Traffic sign attack via pinpoint region probability estimation network

Abstract

Recent work show that Deep Neural Networks (DNNs) have created great performance in many tasks, but they are vulnerable to adversarial examples which trigger Artificial Intelligence (AI) security risks. Especially in the autonomous driving field, attacking a traffic sign classification network results in a serious consequence. Most existing researches prefer to digital level attacks focusing on smaller or more imperceptible adversarial noise. Given that attacks available to real-world implementation usually emerge in more security-critical scenarios, we propose an adaptively adversarial example generation algorithm for physical attacks in the real-world setting. Taking account of the traffic sign classification, our approach is divided into two steps.

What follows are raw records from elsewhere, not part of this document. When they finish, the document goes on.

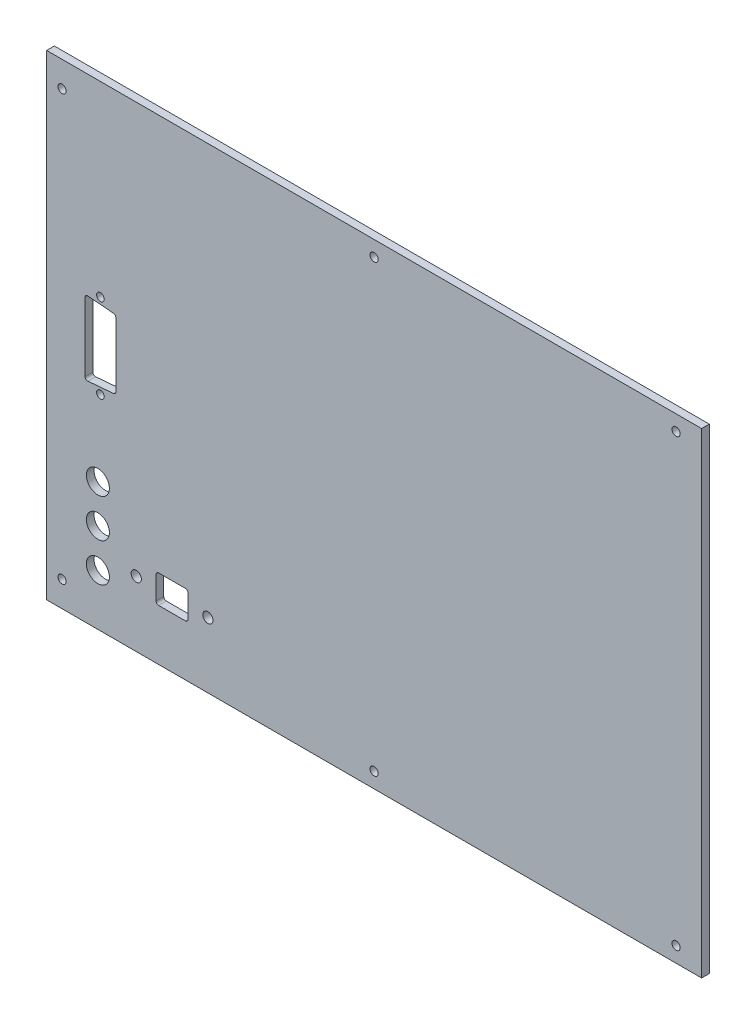
SolidWorks part; units mm, degrees
material "PMMA laser cult panels"
ref_plane "Front Plane" through (0, 0, 0) normal (0, 0, 1) x (1, 0, 0)
ref_plane "Top Plane" through (0, 0, 0) normal (0, 1, 0) x (1, 0, 0)
ref_plane "Right Plane" through (0, 0, 0) normal (1, 0, 0) x (0, 0, -1)
sketch "Sketch2" plane through (0, 0, 0) normal (0, 0, 1) x (1, 0, 0)
  line L1 (0, 0) -> (256, 0)
  line L2 (0, 0) -> (0, 186)
  line L3 (0, 186) -> (256, 186)
  line L4 (256, 0) -> (256, 186)
  dimension "D1" = 256
  dimension "D2" = 186
extrude "Boss-Extrude1" add sketch "Sketch2" along normal blind 3
sketch "Sketch3" plane through (0, 0, 3) normal (0, 0, 1) x (1, 0, 0)
  line L0 (256, 186) -> (0, 186) construction
  line L1 (0, 0) -> (256, 0) construction
  line L2 (0, 186) -> (0, 0) construction
  circle A0 centre (6, 176) radius 1.6
  circle A1 centre (128, 180) radius 1.6
  circle A2 centre (246, 180) radius 1.6
  circle A3 centre (246, 6) radius 1.6
  circle A4 centre (128, 6) radius 1.6
  circle A5 centre (6, 10) radius 1.6
  dimension "D8" = 3.2
  dimension "D1" = 10
  dimension "D2" = 6
  dimension "D3" = 10
  dimension "D4" = 6
  dimension "D5" = 6
  dimension "D6" = 128
  dimension "D7" = 246
extrude "Cut-Extrude1" cut sketch "Sketch3" against normal through all
sketch "Sketch4" plane through (0, 0, 3) normal (0, 0, 1) x (1, 0, 0)
  line L0 (0, 186) -> (0, 0) construction
  line L1 (42.75, 31) -> (55.25, 31)
  line L2 (42.75, 31) -> (42.75, 20)
  line L3 (42.75, 20) -> (55.25, 20)
  line L4 (55.25, 31) -> (55.25, 20)
  line L5 (0, 0) -> (256, 0) construction
  circle A0 centre (35, 25.5) radius 2
  circle A1 centre (63, 25.5) radius 2
  point P8 (49, 31)
  dimension "D6" = 4
  dimension "D7" = 4
  dimension "D1" = 12.5
  dimension "D2" = 11
  dimension "D3" = 14
  dimension "D4" = 5.5
  dimension "D5" = 28
  dimension "D8" = 35
  dimension "D9" = 20
extrude "Cut-Extrude2" cut sketch "Sketch4" against normal blind 10
fillet "Fillet1" radius 1 4 edges at (55.25, 31, 1.5) (55.25, 20, 1.5) (42.75, 31, 1.5) (42.75, 20, 1.5)
sketch "Sketch5" plane through (0, 0, 3) normal (0, 0, 1) x (1, 0, 0)
  line L0 (0, 0) -> (256, 0) construction
  line L1 (0, 186) -> (0, 0) construction
  circle A6 centre (20, 35) radius 4.5
  circle A7 centre (20, 20) radius 4.5
  circle A8 centre (20, 50) radius 4.5
  dimension "D2" = 15
  dimension "D3" = 0
  dimension "D4" = 9
  dimension "D5" = 9
  dimension "D7" = 9
  dimension "D6" = 20
  dimension "D8" = 20
  dimension "D9" = 15
extrude "Cut-Extrude3" cut sketch "Sketch5" against normal blind 10
sketch "Sketch7" plane through (161.9925, 0.2032, 3) normal (0, 0, 1) x (1, 0, 0)
  line L0 (-146.9925, 110.7968) -> (-146.9925, 81.7968)
  line L5 (-146.9925, 81.7968) -> (-134.9925, 82.7968)
  line L6 (-134.9925, 82.7968) -> (-134.9925, 109.7968)
  line L7 (-134.9925, 109.7968) -> (-146.9925, 110.7968)
  line L13 (-161.9925, 185.7968) -> (-161.9925, -0.2032) construction
  line L14 (-161.9925, -0.2032) -> (94.0075, -0.2032) construction
  circle A3 centre (-140.9925, 112.7968) radius 1.5
  circle A4 centre (-140.9925, 79.7968) radius 1.5
  point P20 (-146.9925, 96.2968)
  point P21 (-134.9925, 96.2968)
  dimension "D2" = 15
  dimension "D3" = 80
  dimension "D5" = 3
  dimension "D6" = 3
  dimension "D7" = 29
  dimension "D8" = 27
  dimension "D9" = 12
  dimension "D10" = 12
  dimension "D11" = 33
  dimension "D12" = 16.5
  dimension "D17" = 6
  dimension "D18" = 6
extrude "Cut-Extrude4" cut sketch "Sketch7" against normal through all
fillet "Fillet2" radius 1 4 edges at (27, 110, 1.5) (27, 83, 1.5) (15, 82, 1.5) (15, 111, 1.5)

The first step is to generate a probability map which precisely predicts the probability of being attacked for each pixel in the input image through the proposed Pinpoint Region Probability Estimation Network (PRPEN) and meanwhile, try to reduce the size of the highlighted area in the map. It can also be regarded as a classification problem in which every pixel has two classes, suitable for attacking or not, including the restrictions on the number of items in the suitable sort. The second one is to remake a mask depending on the probability map and optimize adversarial patches only on what mask decides. Experimental results show that our method achieves almost 100% misclassification rate in several widely used networks with even smaller patches. We also find how to effectively disguise as a target class to mislead the DNN classifiers and improve AI security.